*** Begin section ***
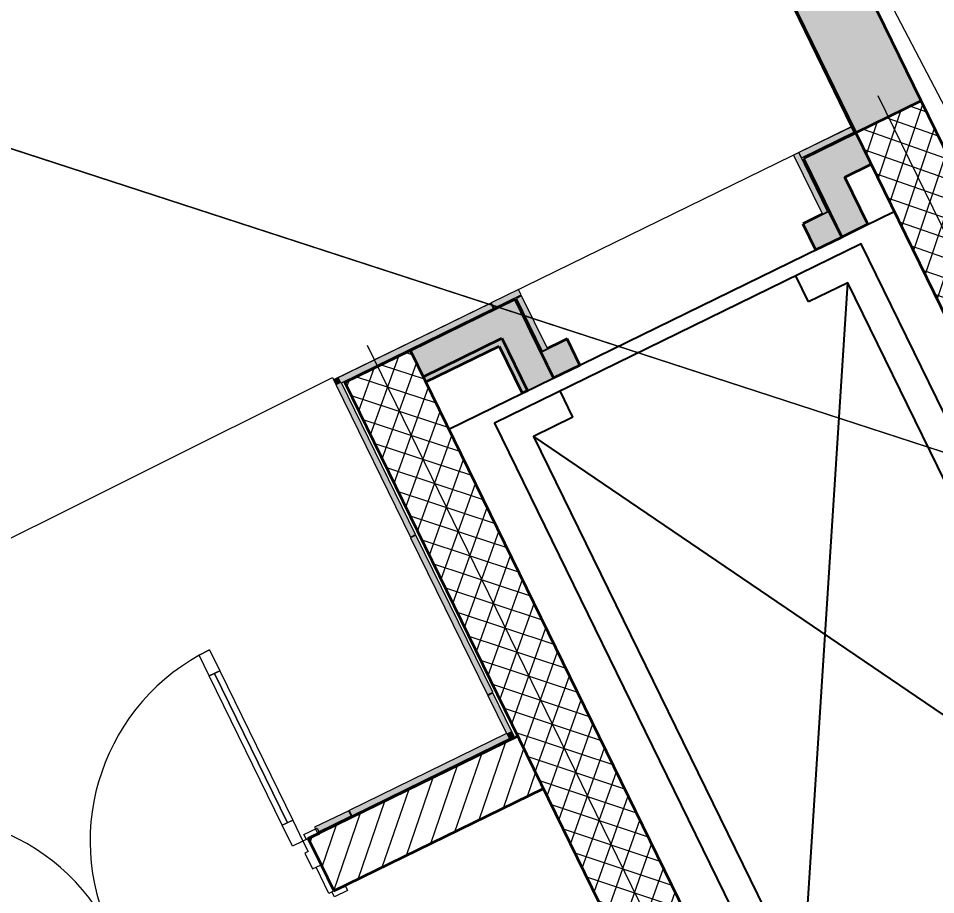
# Model space of a CAD drawing. Header units: metres. Extents: x 7511825 to 7512099, y 4692231 to 4692445.
# Drawn here: x 7511888.823 to 7511891.969, y 4692372.459 to 4692375.464 of the extents above; entities that cross this region are included whole.
import ezdxf
from ezdxf import colors
from ezdxf.entities.mleader import LeaderData, LeaderLine
from ezdxf.math import Vec2, Vec3

# ---------------------------------------------------------------- set-up
doc = ezdxf.new("R2010")
doc.units = ezdxf.units.M
doc.header["$XCLIPFRAME"] = 0
doc.set_wipeout_variables(frame=1)
doc.header["$PDMODE"] = 32
doc.header["$PDSIZE"] = 0.5
doc.linetypes.add('Wipeout_Contour', pattern=[1000, 0, -1000])
for name, color, linetype in [('-  Pllakat_koridore_E', 7, 'Continuous'), ('A - Muret', 7, 'Continuous'), ('A - Pllaka Suteren', 7, 'Continuous'), ('A - Shtyllat', 7, 'Continuous'), ('fer +', 32, 'Continuous')]:
    doc.layers.add(name, color=color, linetype=linetype)
for name, color, linetype, lineweight, true_color in [('-  Pllakat_koridore_E_Pen_No__145', 7, 'Continuous', 20, 0x0077b0), ('ARCHICAD Doors_Pen_No__108', 7, 'Continuous', 13, 0xfd8379), ('parcelat e vjetra', 7, 'Continuous', 0, 0x848443)]:
    doc.layers.add(name, color=color, linetype=linetype, lineweight=lineweight, true_color=true_color)
for name, color, linetype, lineweight in [('- lokalet e_Pen_No__132', 255, 'Continuous', 0), ('0_Pen_No__132', 255, 'Continuous', 0), ('2D Drafting - General_Pen_No__42', 8, 'Continuous', 25), ('A - Muret_Pen_No__7', 7, 'Continuous', 35), ('A - Perdhesa Polyine_Pen_No__6', 1, 'Continuous', 0), ('A - Pllaka Suteren_Pen_No__42', 8, 'Continuous', 25), ('A - Shtyllat_Pen_No__1', 7, 'Continuous', 0), ('A - Shtyllat_Pen_No__7', 7, 'Continuous', 35), ('etazha', 7, 'Continuous', 0)]:
    doc.layers.add(name, color=color, linetype=linetype, lineweight=lineweight)
doc.styles.add('GENERATED_STYLE_1', font='arial.ttf')
doc.styles.get("Standard").update_dxf_attribs({"font": 'arial.ttf'})
picture_1 = doc.add_image_def('image1.tif', size_in_pixel=(11235, 8447))
pattern_1 = [(44.99999999999999, (0, 0), (-45.96193909124158, 45.96193909124162), []), (135.0000000000002, (0, 0), (45.96193909124145, 45.96193909124175), [])]

# ---------------------------------------------------------------- blocks, each defined once
blk = doc.blocks.new('Slab_1', base_point=(-1850.000000000003, -19000.83600967443))
at = {"layer": 'A - Pllaka Suteren_Pen_No__42', "color": 8, "linetype": 'Continuous', "lineweight": 25, "flags": 128}
blk.add_lwpolyline([(18650.00004897139, -14500.83965125989), (16950.00000000001, -14500.83965125989), (16950.00000000001, -11700.83965125988), (18650.00004897139, -11700.83965125988)], close=True, dxfattribs=at)
blk = doc.blocks.new('Wall_3', base_point=(16950.00000000001, -11400.83965125989))
at = {"layer": 'A - Muret', "linetype": 'Continuous', "lineweight": 0, "true_color": 0x000000}
for points in [[(17230.00000000001, -11400.83965125989), (16950.00000000001, -11400.83965125989), (16950.00000000001, -11520.83965125989), (17230.00000000001, -11520.83965125989)], [(17230.00000000001, -11520.83965125989), (17350.00000000001, -11520.83965125989), (17350.00000000001, -11400.83965125988)], [(17230.00000000001, -11520.83965125989), (17350.00000000001, -11400.83965125988), (17230.00000000001, -11400.83965125988)]]:
    blk.add_hatch(color=18, dxfattribs=at).paths.add_polyline_path(points)
at = {"layer": 'A - Muret_Pen_No__7', "color": 7, "linetype": 'Continuous', "lineweight": 35, "flags": 128}
for points in [[(17350.00000000001, -11400.83965125989), (16950.00000000001, -11400.83965125989)], [(17350.00000000001, -11400.83965125989), (17350.00000000001, -11520.83965125989)], [(16950.00000000001, -11520.83965125989), (17230.00000000001, -11520.83965125989)]]:
    blk.add_lwpolyline(points, dxfattribs=at)
blk = doc.blocks.new('Wall_4', base_point=(17350.00000000001, -11400.83965125989))
at = {"layer": 'A - Muret', "linetype": 'Continuous', "lineweight": 0, "true_color": 0x000000}
blk.add_hatch(color=18, dxfattribs=at).paths.add_polyline_path([(17230.00000000001, -11520.83965125989), (17230.00000000001, -11700.83965125989), (17350.00000000001, -11700.83965125989), (17350.00000000001, -11520.83965125989)])
at = {"layer": 'A - Muret_Pen_No__7', "color": 7, "linetype": 'Continuous', "lineweight": 35, "flags": 128}
for points in [[(17230.00000000001, -11520.83965125989), (17230.00000000001, -11700.83965125989)], [(17350.00000000001, -11700.83965125989), (17350.00000000001, -11520.83965125989)], [(17250.00000000001, -11700.83965125989), (17230.00000000001, -11700.83965125989)]]:
    blk.add_lwpolyline(points, dxfattribs=at)
blk = doc.blocks.new('Wall_29', base_point=(16925.00000000002, -11400.83965125988))
at = {"layer": 'A - Muret', "linetype": 'Continuous', "lineweight": 0, "true_color": 0x000000}
blk.add_hatch(color=18, dxfattribs=at).paths.add_polyline_path([(17349.99995231624, -11400.83965125988), (16949.99996423718, -11400.83965125988), (16949.99996423718, -11500.83970490411), (17349.99995231624, -11500.83970490411)])
at = {"layer": 'A - Muret_Pen_No__7', "color": 7, "linetype": 'Continuous', "lineweight": 35, "flags": 128}
for points in [[(17350.00000000001, -11400.83965125988), (16949.99996423718, -11400.83965125988)], [(16949.99996423723, -11500.83965125988), (17250.00000000001, -11500.83965125988)]]:
    blk.add_lwpolyline(points, dxfattribs=at)
blk = doc.blocks.new('Wall_30', base_point=(17350.00000000001, -11400.83965125988))
at = {"layer": 'A - Muret', "linetype": 'Continuous', "lineweight": 0, "true_color": 0x000000}
blk.add_hatch(color=18, dxfattribs=at).paths.add_polyline_path([(17250.00000000001, -11400.83965125988), (17250.00000000001, -11700.83965125988), (17350.00000000001, -11700.83965125988), (17350.00000000001, -11400.83965125988)])
at = {"layer": 'A - Muret_Pen_No__7', "color": 7, "linetype": 'Continuous', "lineweight": 35, "flags": 128}
for points in [[(17350.00000000001, -11700.83965125988), (17350.00000000001, -11400.83965125988)], [(17250.00000000001, -11500.83965125988), (17250.00000000001, -11700.83965125988)]]:
    blk.add_lwpolyline(points, dxfattribs=at)
blk = doc.blocks.new('Wall_31', base_point=(18550.00000000002, -11400.83965125988))
at = {"layer": 'A - Muret', "linetype": 'Continuous', "lineweight": 0, "true_color": 0x000000}
blk.add_hatch(color=18, dxfattribs=at).paths.add_polyline_path([(18450.00000000002, -11520.83965125989), (18450.00000000002, -11700.83965125988), (18550.00000000002, -11700.83965125988), (18550.00000000002, -11520.83965125989)])
at = {"layer": 'A - Muret_Pen_No__7', "color": 7, "linetype": 'Continuous', "lineweight": 35, "flags": 128}
for points in [[(18450.00000000002, -11520.83965125989), (18450.00000000002, -11700.83965125988)], [(18550.00000000002, -11700.83965125988), (18550.00000000002, -11520.83965125989)], [(18550.00000000002, -11700.83965125988), (18450.00000000002, -11700.83965125988)]]:
    blk.add_lwpolyline(points, dxfattribs=at)
blk = doc.blocks.new('Wall_32', base_point=(17350.00000000001, -11700.83965125988))
at = {"layer": 'A - Muret', "linetype": 'Continuous', "lineweight": 0, "true_color": 0x000000}
blk.add_hatch(color=18, dxfattribs=at).paths.add_polyline_path([(17350.00000000001, -11700.83965125988), (17450.00000000002, -11700.83965125988), (17450.00000000002, -11600.83965125988), (17350.00000000001, -11600.83965125988)])
at = {"layer": 'A - Muret_Pen_No__7', "color": 7, "linetype": 'Continuous', "lineweight": 35, "flags": 128}
for points in [[(17450.00000000002, -11600.83965125988), (17350.00000000001, -11600.83965125988)], [(17450.00000000002, -11700.83965125988), (17450.00000000002, -11600.83965125988)], [(17350.00000000001, -11700.83965125988), (17450.00000000002, -11700.83965125988)]]:
    blk.add_lwpolyline(points, dxfattribs=at)
blk = doc.blocks.new('Wall_33', base_point=(18350.00000000001, -11700.83965125988))
at = {"layer": 'A - Muret', "linetype": 'Continuous', "lineweight": 0, "true_color": 0x000000}
blk.add_hatch(color=18, dxfattribs=at).paths.add_polyline_path([(18350.00000000001, -11700.83965125988), (18450.00000000001, -11700.83965125988), (18450.00000000001, -11600.83965125988), (18350.00000000001, -11600.83965125988)])
at = {"layer": 'A - Muret_Pen_No__7', "color": 7, "linetype": 'Continuous', "lineweight": 35, "flags": 128}
for points in [[(18450.00000000001, -11600.83965125988), (18350.00000000001, -11600.83965125988)], [(18350.00000000001, -11600.83965125988), (18350.00000000001, -11700.83965125988)], [(18450.00000000001, -11700.83965125988), (18450.00000000001, -11600.83965125988)], [(18350.00000000001, -11700.83965125988), (18450.00000000001, -11700.83965125988)]]:
    blk.add_lwpolyline(points, dxfattribs=at)
blk = doc.blocks.new('Wall_36', base_point=(18550.00000000002, -11400.83965125989))
at = {"layer": 'A - Muret', "linetype": 'Continuous', "lineweight": 0, "true_color": 0x000000}
for points in [[(18450.00000000002, -11520.83965125989), (18550.00000000001, -11520.83965125989), (18450.00000000002, -11400.83965125989)], [(18550.00000000001, -11400.83965125989), (18450.00000000002, -11400.83965125989), (18550.00000000001, -11520.83965125989)], [(18550.00000000002, -11520.83965125989), (18650.00004897139, -11520.83965125989), (18650.00004897139, -11400.83965125989), (18550.00000000002, -11400.83965125989)]]:
    blk.add_hatch(color=18, dxfattribs=at).paths.add_polyline_path(points)
at = {"layer": 'A - Muret_Pen_No__7', "color": 7, "linetype": 'Continuous', "lineweight": 35, "flags": 128}
for points in [[(18450.00000000002, -11400.83965125989), (18450.00000000002, -11520.83965125989)], [(18650.00004897139, -11400.83965125989), (18450.00000000002, -11400.83965125989)], [(18550.00000000002, -11520.83965125989), (18650.00004619366, -11520.83965125989)]]:
    blk.add_lwpolyline(points, dxfattribs=at)
blk = doc.blocks.new('Wall_50', base_point=(18445.00000000001, -11375.88789807723))
at = {"color": 254, "linetype": 'Wipeout_Contour', "lineweight": 0, "ltscale": 87054.11641532923}
blk.add_wipeout([(18445.00000000001, -11395.887898077228), (18650.000048971382, -11395.887898077228), (18650.000048971382, -11375.88789807723), (18445.00000000001, -11375.88789807723)], dxfattribs=at).dxf.layer = '-  Pllakat_koridore_E'
at = {"layer": '-  Pllakat_koridore_E_Pen_No__145', "color": 144, "linetype": 'Continuous', "lineweight": 20, "true_color": 0x0077b0, "flags": 128}
for points in [[(18650.00004897139, -11375.88789807723), (18445.00000000001, -11375.88789807723)], [(18445.00000000001, -11375.88789807723), (18445.00000000001, -11395.88789807723)], [(18650.00004897139, -11395.88789807723), (18650.00004897139, -11375.88789807723)], [(18445.00000000001, -11395.88789807723), (18650.00004897139, -11395.88789807723)]]:
    blk.add_lwpolyline(points, dxfattribs=at)
blk = doc.blocks.new('Wall_51', base_point=(18425.00000000001, -11375.88789807723))
at = {"color": 254, "linetype": 'Wipeout_Contour', "lineweight": 0, "ltscale": 86887.59843117488}
blk.add_wipeout([(18425.00000000001, -11375.887898077222), (18425.00000000001, -11600.839651259877), (18445.00000000001, -11600.839651259877), (18445.00000000001, -11375.887898077222)], dxfattribs=at).dxf.layer = '-  Pllakat_koridore_E'
at = {"layer": '-  Pllakat_koridore_E_Pen_No__145', "color": 144, "linetype": 'Continuous', "lineweight": 20, "true_color": 0x0077b0, "flags": 128}
for points in [[(18425.00000000001, -11375.88789807723), (18425.00000000001, -11600.83965125988)], [(18445.00000000001, -11375.88789807723), (18425.00000000001, -11375.88789807723)], [(18445.00000000001, -11600.83965125988), (18445.00000000001, -11375.88789807723)], [(18425.00000000001, -11600.83965125988), (18445.00000000001, -11600.83965125988)]]:
    blk.add_lwpolyline(points, dxfattribs=at)
blk = doc.blocks.new('Wall_52', base_point=(16668.69292165368, -11375.88789807723))
at = {"color": 254, "linetype": 'Wipeout_Contour', "lineweight": 0, "ltscale": 60581.53567672364}
blk.add_wipeout([(16688.69292165368, -11395.887898077228), (16668.69292165368, -11375.88789807723), (16668.69292165368, -11395.887898077228)], dxfattribs=at).dxf.layer = '-  Pllakat_koridore_E'
at = {"color": 254, "linetype": 'Wipeout_Contour', "lineweight": 0, "ltscale": 81774.39758537307}
blk.add_wipeout([(16688.69292165368, -11395.887898077228), (17268.69292165368, -11395.887898077228), (17268.69292165368, -11375.88789807723), (16688.69292165368, -11375.88789807723)], dxfattribs=at).dxf.layer = '-  Pllakat_koridore_E'
at = {"layer": '-  Pllakat_koridore_E_Pen_No__145', "color": 144, "linetype": 'Continuous', "lineweight": 20, "true_color": 0x0077b0, "flags": 128}
blk.add_lwpolyline([(17268.69292165368, -11375.88789807723), (17268.69292165368, -11395.88789807723)], dxfattribs=at)
at = {"color": 254, "linetype": 'Wipeout_Contour', "lineweight": 0, "ltscale": 60585.38779216984}
blk.add_wipeout([(16688.69292165368, -11375.88789807723), (16668.69292165368, -11375.88789807723), (16688.69292165368, -11395.887898077228)], dxfattribs=at).dxf.layer = '-  Pllakat_koridore_E'
at = {"layer": '-  Pllakat_koridore_E_Pen_No__145', "color": 144, "linetype": 'Continuous', "lineweight": 20, "true_color": 0x0077b0, "flags": 128}
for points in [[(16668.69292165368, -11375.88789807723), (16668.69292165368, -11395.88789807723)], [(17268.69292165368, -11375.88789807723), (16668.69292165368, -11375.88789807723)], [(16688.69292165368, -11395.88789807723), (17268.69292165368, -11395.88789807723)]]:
*** End section ***
- **WHAT IS BEING ASKED**: Above are some records; copy exactly the lines from the one with "for name, color, linetype in" through the one with "for name, color, linetype, lineweight in", both included, and no others.

- **COMPLETED TASK**:
for name, color, linetype in [('-  Pllakat_koridore_E', 7, 'Continuous'), ('A - Muret', 7, 'Continuous'), ('A - Pllaka Suteren', 7, 'Continuous'), ('A - Shtyllat', 7, 'Continuous'), ('fer +', 32, 'Continuous')]:
    doc.layers.add(name, color=color, linetype=linetype)
for name, color, linetype, lineweight, true_color in [('-  Pllakat_koridore_E_Pen_No__145', 7, 'Continuous', 20, 0x0077b0), ('ARCHICAD Doors_Pen_No__108', 7, 'Continuous', 13, 0xfd8379), ('parcelat e vjetra', 7, 'Continuous', 0, 0x848443)]:
    doc.layers.add(name, color=color, linetype=linetype, lineweight=lineweight, true_color=true_color)
for name, color, linetype, lineweight in [('- lokalet e_Pen_No__132', 255, 'Continuous', 0), ('0_Pen_No__132', 255, 'Continuous', 0), ('2D Drafting - General_Pen_No__42', 8, 'Continuous', 25), ('A - Muret_Pen_No__7', 7, 'Continuous', 35), ('A - Perdhesa Polyine_Pen_No__6', 1, 'Continuous', 0), ('A - Pllaka Suteren_Pen_No__42', 8, 'Continuous', 25), ('A - Shtyllat_Pen_No__1', 7, 'Continuous', 0), ('A - Shtyllat_Pen_No__7', 7, 'Continuous', 35), ('etazha', 7, 'Continuous', 0)]:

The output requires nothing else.